The record links to 4 conditions, with Frail Elderly appearing as the primary indexed condition, and to 1 intervention — of which Deprescribing intervention is the first listed. Interventions can include drugs, devices, procedures, behavioral programs, or observational arms, and each is tracked as a separate registry field so that downstream queries can filter accurately. When a trial lists multiple interventions, it usually reflects a multi-arm design or a comparison protocol rather than a single treatment being tested in isolation. The brief summary published in the registry is the clearest source of protocol intent and should be read before drawing conclusions from any sidebar tags.

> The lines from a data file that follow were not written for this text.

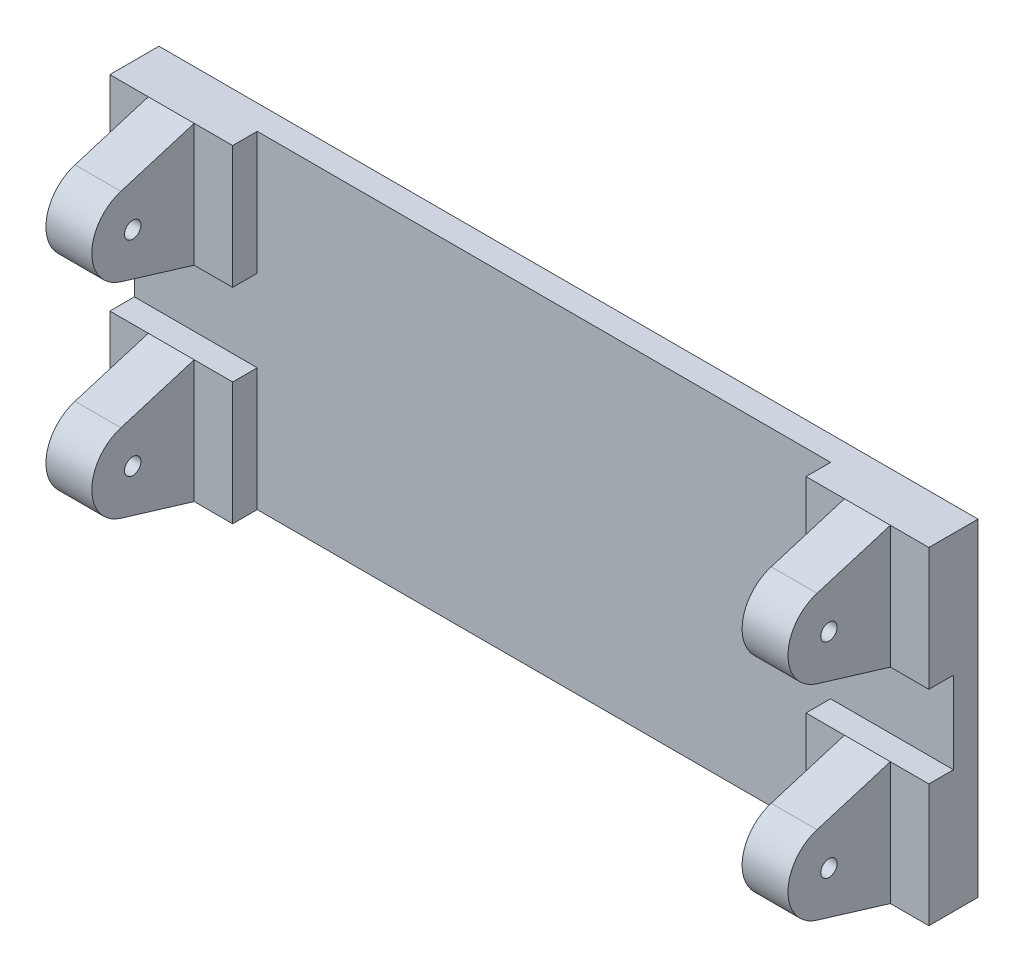
from build123d import *

# Parameters (mm, degrees)
SKETCH1_W               = 100
SKETCH1_H               = 40
BOSS_EXTRUDE1_DEPTH     = 3
SKETCH2_W               = 15
SKETCH2_H               = 15
BOSS_EXTRUDE2_DEPTH     = 3
SKETCH3_R               = 1
BOSS_EXTRUDE3_DEPTH     = 15
CUT_EXTRUDE1_REACH      = 68.65
SKETCH4_W               = 4.7
SKETCH4_H               = 12.5
MIRROR2_COPY_1_SKETCH_R = 1
MIRROR2_COPY_1_DEPTH    = 15
MIRROR2_COPY_2_REACH    = 68.65
MIRROR2_COPY_2_SKETCH_W = 4.7
MIRROR2_COPY_2_SKETCH_H = 12.5


with BuildPart() as part:
    # Sketch1 → Boss-Extrude1 (new body)
    with BuildSketch(Plane.XY):
        Rectangle(SKETCH1_W, SKETCH1_H)
    extrude(amount=BOSS_EXTRUDE1_DEPTH)

    # Sketch2 → Boss-Extrude2 (add)
    with BuildSketch(Plane.XY.offset(3)):
        with Locations((-42.5, 12.5)):
            Rectangle(SKETCH2_W, SKETCH2_H)
        with Locations((-42.5, -12.5)):
            Rectangle(SKETCH2_W, SKETCH2_H)
        with Locations((42.5, -12.5)):
            Rectangle(SKETCH2_W, SKETCH2_H)
        with Locations((42.5, 12.5)):
            Rectangle(SKETCH2_W, SKETCH2_H)
    extrude(amount=BOSS_EXTRUDE2_DEPTH)

    # Sketch3 → Boss-Extrude3 (add)
    with BuildSketch(Plane.ZY.offset(50)):
        with BuildLine():
            Line((6, 5), (14.951381156, 7.715285511))
            ThreePointArc((14.951381156, 7.715285511), (18.5, 12.5), (14.951381156, 17.284714489))
            Line((14.951381156, 17.284714489), (6, 20))
            Line((6, 20), (6, 5))
        make_face()
        with Locations(Location((13.5, 12.5, 0), (0, 0, 270))):
            Circle(SKETCH3_R, mode=Mode.SUBTRACT)
    boss_extrude3 = extrude(amount=-BOSS_EXTRUDE3_DEPTH)

    # Sketch4 → Cut-Extrude1 (cut, up to next)
    with BuildSketch(Plane(origin=(0, 20, 0), x_dir=(1, 0, 0), z_dir=(0, 1, 0)), mode=Mode.PRIVATE) as cut_extrude1_sk1:
        with Locations((-37.35, -12.25)):
            Rectangle(SKETCH4_W, SKETCH4_H)
    cut_extrude1_tool1 = extrude(cut_extrude1_sk1.sketch, amount=-CUT_EXTRUDE1_REACH, mode=Mode.PRIVATE) & part.part
    # Sketch4 → Cut-Extrude1 (cut, up to next)
    with BuildSketch(Plane(origin=(0, 20, 0), x_dir=(1, 0, 0), z_dir=(0, 1, 0)), mode=Mode.PRIVATE) as cut_extrude1_sk2:
        with Locations((-47.65, -12.25)):
            Rectangle(SKETCH4_W, SKETCH4_H)
    cut_extrude1_tool2 = extrude(cut_extrude1_sk2.sketch, amount=-CUT_EXTRUDE1_REACH, mode=Mode.PRIVATE) & part.part
    cut_extrude1_1 = cut_extrude1_tool1.solids().sort_by_distance((-37.35, 20, 12.25))[0]
    add(cut_extrude1_1, mode=Mode.SUBTRACT)
    cut_extrude1_2 = cut_extrude1_tool2.solids().sort_by_distance((-47.65, 20, 12.25))[0]
    add(cut_extrude1_2, mode=Mode.SUBTRACT)
    cut_extrude1 = cut_extrude1_1 + cut_extrude1_2  # Cut-Extrude1 as one shape, for the pattern or mirror that repeats it

    # Mirror1: Boss-Extrude3, Cut-Extrude1 across plane
    add(boss_extrude3.mirror(Plane.ZX))
    add(cut_extrude1.mirror(Plane.ZX), mode=Mode.SUBTRACT)

    # Mirror2: Boss-Extrude3, Cut-Extrude1 across plane
    add(boss_extrude3.mirror(Plane(origin=(0, 0, 0), x_dir=(0, 0, 1), z_dir=(1, 0, 0))))
    add(cut_extrude1.mirror(Plane(origin=(0, 0, 0), x_dir=(0, 0, 1), z_dir=(1, 0, 0))), mode=Mode.SUBTRACT)

    # Mirror2 copy 1 sketch → Mirror2 copy 1 (add)
    with BuildSketch(Plane(origin=(50, 0, 0), x_dir=(0, 0, 1), z_dir=(1, 0, 0))):
        with BuildLine():
            Line((6, 5), (14.951381156, 7.715285511))
            ThreePointArc((14.951381156, 7.715285511), (18.5, 12.5), (14.951381156, 17.284714489))
            Line((14.951381156, 17.284714489), (6, 20))
            Line((6, 20), (6, 5))
        make_face()
        with Locations(Location((13.5, 12.5, 0), (0, 0, 270))):
            Circle(MIRROR2_COPY_1_SKETCH_R, mode=Mode.SUBTRACT)
    extrude(amount=-MIRROR2_COPY_1_DEPTH)

    # Mirror2 copy 2 sketch → Mirror2 copy 2 (cut, up to next)
    with BuildSketch(Plane(origin=(0, -20, 0), x_dir=(-1, 0, 0), z_dir=(0, -1, 0)), mode=Mode.PRIVATE) as mirror2_copy_2_sk1:
        with Locations((-37.35, -12.25)):
            Rectangle(MIRROR2_COPY_2_SKETCH_W, MIRROR2_COPY_2_SKETCH_H)
    mirror2_copy_2_tool1 = extrude(mirror2_copy_2_sk1.sketch, amount=-MIRROR2_COPY_2_REACH, mode=Mode.PRIVATE) & part.part
    # Mirror2 copy 2 sketch → Mirror2 copy 2 (cut, up to next)
    with BuildSketch(Plane(origin=(0, -20, 0), x_dir=(-1, 0, 0), z_dir=(0, -1, 0)), mode=Mode.PRIVATE) as mirror2_copy_2_sk2:
        with Locations((-47.65, -12.25)):
            Rectangle(MIRROR2_COPY_2_SKETCH_W, MIRROR2_COPY_2_SKETCH_H)
    mirror2_copy_2_tool2 = extrude(mirror2_copy_2_sk2.sketch, amount=-MIRROR2_COPY_2_REACH, mode=Mode.PRIVATE) & part.part
    add(mirror2_copy_2_tool1.solids().sort_by_distance((37.35, -20, 12.25))[0], mode=Mode.SUBTRACT)
    add(mirror2_copy_2_tool2.solids().sort_by_distance((47.65, -20, 12.25))[0], mode=Mode.SUBTRACT)


solid = part.part

Geographic footprint matters for practical reasons: NCT03722017 reports 1 study location spanning 1 distinct geographic area — top geographies include Tennessee. A larger site network tends to correlate with broader recruitment capacity, but it does not imply anything about study quality, and site-level enrollment status can diverge from the overall registry status shown above. Every data point on this page comes from the public ClinicalTrials.gov dataset and is reproduced here for reference only; it is not a medical recommendation, an endorsement of the sponsor, or an invitation to enroll. Verify current status, eligibility criteria, and contact details directly at ClinicalTrials.gov, and discuss any participation decision with your own healthcare provider.
Frequently Asked Questions
What is clinical trial NCT03722017 about?
NCT03722017 is a clinical study titled "Drug Reduction in Older Patients: The DROP Trial". Project Objectives: The proposed randomized, controlled trial will evaluate the effects of procedures to reduce medications among hospitalized older Veterans discharged to nursing homes using an hybrid study design to inform future efforts to spread it across VA. Project Background/Rationale: Patie...
What is the current status of trial NCT03722017?
This trial is currently completed. It is a NA study. The enrollment target is 260 participants. The study started on 2019-10-07. Estimated completion is 2023-03-31.
What conditions does trial NCT03722017 study?
This clinical trial studies the following conditions: Frail Elderly, Geriatric Assessment, Skilled Nursing Facilities, Patient-centered Care. These conditions were identified from the trial registry and reflect the primary focus areas of the research.
What interventions are being tested in trial NCT03722017?
The interventions under investigation include: Deprescribing intervention (OTHER). Each intervention is being evaluated for safety and efficacy as part of this clinical study.
Who is sponsoring clinical trial NCT03722017?
This trial is sponsored by VA Office of Research and Development, which has 1,863 total clinical trials registered on ClinicalTrials.gov. The sponsor is responsible for the study's design, funding, and regulatory compliance.
Where is trial NCT03722017 being conducted?
This trial has 1 study location across Tennessee. Contact the study sites directly through ClinicalTrials.gov for enrollment availability.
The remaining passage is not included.